## WORK TO COMPLETE
Set down exactly the stretch of lines below that opens at the line containing "unnamed: D4.1, OK3.1" and continues through the last line of the entries, and nothing else.

## PROVIDED MATERIAL
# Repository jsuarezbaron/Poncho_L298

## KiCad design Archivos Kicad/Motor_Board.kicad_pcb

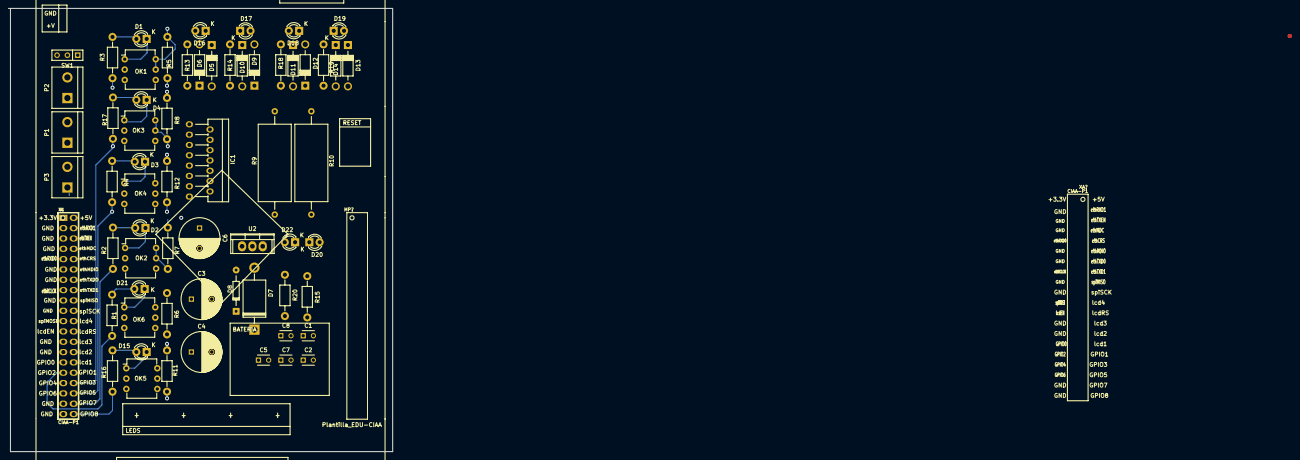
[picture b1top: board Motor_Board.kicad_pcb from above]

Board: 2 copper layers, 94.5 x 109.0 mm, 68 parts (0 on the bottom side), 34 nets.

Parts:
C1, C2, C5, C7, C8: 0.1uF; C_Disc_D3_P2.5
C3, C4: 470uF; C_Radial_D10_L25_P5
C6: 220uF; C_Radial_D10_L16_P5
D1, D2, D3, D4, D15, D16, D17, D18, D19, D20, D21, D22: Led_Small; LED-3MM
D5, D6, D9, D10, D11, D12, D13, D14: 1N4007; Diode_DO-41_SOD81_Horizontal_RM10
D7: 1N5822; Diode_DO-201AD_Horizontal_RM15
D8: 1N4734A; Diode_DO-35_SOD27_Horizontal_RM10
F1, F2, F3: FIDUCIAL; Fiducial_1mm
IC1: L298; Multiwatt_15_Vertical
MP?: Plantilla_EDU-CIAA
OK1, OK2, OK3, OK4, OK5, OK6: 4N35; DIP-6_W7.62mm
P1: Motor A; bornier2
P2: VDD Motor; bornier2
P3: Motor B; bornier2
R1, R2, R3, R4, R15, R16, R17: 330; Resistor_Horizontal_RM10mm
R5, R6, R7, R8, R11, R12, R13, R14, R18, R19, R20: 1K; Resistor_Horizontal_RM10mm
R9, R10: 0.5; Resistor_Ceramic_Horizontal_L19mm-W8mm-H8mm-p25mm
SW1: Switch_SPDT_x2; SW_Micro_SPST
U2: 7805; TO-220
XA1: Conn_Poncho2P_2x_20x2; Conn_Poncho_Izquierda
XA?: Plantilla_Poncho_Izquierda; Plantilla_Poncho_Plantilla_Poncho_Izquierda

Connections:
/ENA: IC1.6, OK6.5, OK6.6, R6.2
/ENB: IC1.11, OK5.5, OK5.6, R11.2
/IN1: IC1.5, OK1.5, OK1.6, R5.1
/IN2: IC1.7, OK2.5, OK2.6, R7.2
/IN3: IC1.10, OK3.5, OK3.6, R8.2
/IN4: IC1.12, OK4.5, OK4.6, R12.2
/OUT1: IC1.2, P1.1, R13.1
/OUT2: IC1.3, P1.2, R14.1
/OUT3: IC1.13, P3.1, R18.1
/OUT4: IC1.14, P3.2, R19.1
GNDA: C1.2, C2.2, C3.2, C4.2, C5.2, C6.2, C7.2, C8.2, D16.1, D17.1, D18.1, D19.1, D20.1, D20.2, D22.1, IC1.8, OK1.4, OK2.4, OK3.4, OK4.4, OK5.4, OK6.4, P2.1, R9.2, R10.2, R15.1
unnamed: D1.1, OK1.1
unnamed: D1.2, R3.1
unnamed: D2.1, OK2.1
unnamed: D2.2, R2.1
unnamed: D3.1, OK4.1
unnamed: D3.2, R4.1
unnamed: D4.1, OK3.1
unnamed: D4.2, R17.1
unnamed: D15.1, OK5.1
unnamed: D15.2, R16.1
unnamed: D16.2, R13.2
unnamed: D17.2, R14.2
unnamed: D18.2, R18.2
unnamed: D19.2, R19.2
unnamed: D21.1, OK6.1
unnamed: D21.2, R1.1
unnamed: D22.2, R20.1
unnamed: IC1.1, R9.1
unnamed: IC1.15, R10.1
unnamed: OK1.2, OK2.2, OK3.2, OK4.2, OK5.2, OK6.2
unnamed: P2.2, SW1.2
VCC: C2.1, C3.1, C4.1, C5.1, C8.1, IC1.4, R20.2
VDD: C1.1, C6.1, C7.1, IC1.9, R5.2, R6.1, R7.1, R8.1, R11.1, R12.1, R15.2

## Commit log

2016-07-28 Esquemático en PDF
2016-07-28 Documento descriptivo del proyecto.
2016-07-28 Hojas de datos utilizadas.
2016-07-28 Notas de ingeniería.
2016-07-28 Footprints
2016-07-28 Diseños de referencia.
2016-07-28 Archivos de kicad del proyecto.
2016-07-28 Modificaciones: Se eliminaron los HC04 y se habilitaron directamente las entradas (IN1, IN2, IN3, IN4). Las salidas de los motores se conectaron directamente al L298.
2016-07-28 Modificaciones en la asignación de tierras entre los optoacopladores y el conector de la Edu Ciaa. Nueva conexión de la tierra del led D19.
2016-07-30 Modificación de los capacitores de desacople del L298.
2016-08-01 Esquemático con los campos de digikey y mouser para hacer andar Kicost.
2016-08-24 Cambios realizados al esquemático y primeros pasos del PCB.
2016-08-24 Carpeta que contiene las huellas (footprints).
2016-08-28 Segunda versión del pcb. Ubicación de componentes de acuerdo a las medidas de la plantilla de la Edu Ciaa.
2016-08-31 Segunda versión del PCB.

## WORKED SOLUTION
unnamed: D4.1, OK3.1
unnamed: D4.2, R17.1
unnamed: D15.1, OK5.1
unnamed: D15.2, R16.1
unnamed: D16.2, R13.2
unnamed: D17.2, R14.2
unnamed: D18.2, R18.2
unnamed: D19.2, R19.2
unnamed: D21.1, OK6.1
unnamed: D21.2, R1.1
unnamed: D22.2, R20.1
unnamed: IC1.1, R9.1
unnamed: IC1.15, R10.1
unnamed: OK1.2, OK2.2, OK3.2, OK4.2, OK5.2, OK6.2
unnamed: P2.2, SW1.2
VCC: C2.1, C3.1, C4.1, C5.1, C8.1, IC1.4, R20.2
VDD: C1.1, C6.1, C7.1, IC1.9, R5.2, R6.1, R7.1, R8.1, R11.1, R12.1, R15.2

## Commit log

2016-07-28 Esquemático en PDF
2016-07-28 Documento descriptivo del proyecto.
2016-07-28 Hojas de datos utilizadas.
2016-07-28 Notas de ingeniería.
2016-07-28 Footprints
2016-07-28 Diseños de referencia.
2016-07-28 Archivos de kicad del proyecto.
2016-07-28 Modificaciones: Se eliminaron los HC04 y se habilitaron directamente las entradas (IN1, IN2, IN3, IN4). Las salidas de los motores se conectaron directamente al L298.
2016-07-28 Modificaciones en la asignación de tierras entre los optoacopladores y el conector de la Edu Ciaa. Nueva conexión de la tierra del led D19.
2016-07-30 Modificación de los capacitores de desacople del L298.
2016-08-01 Esquemático con los campos de digikey y mouser para hacer andar Kicost.
2016-08-24 Cambios realizados al esquemático y primeros pasos del PCB.
2016-08-24 Carpeta que contiene las huellas (footprints).
2016-08-28 Segunda versión del pcb. Ubicación de componentes de acuerdo a las medidas de la plantilla de la Edu Ciaa.
2016-08-31 Segunda versión del PCB.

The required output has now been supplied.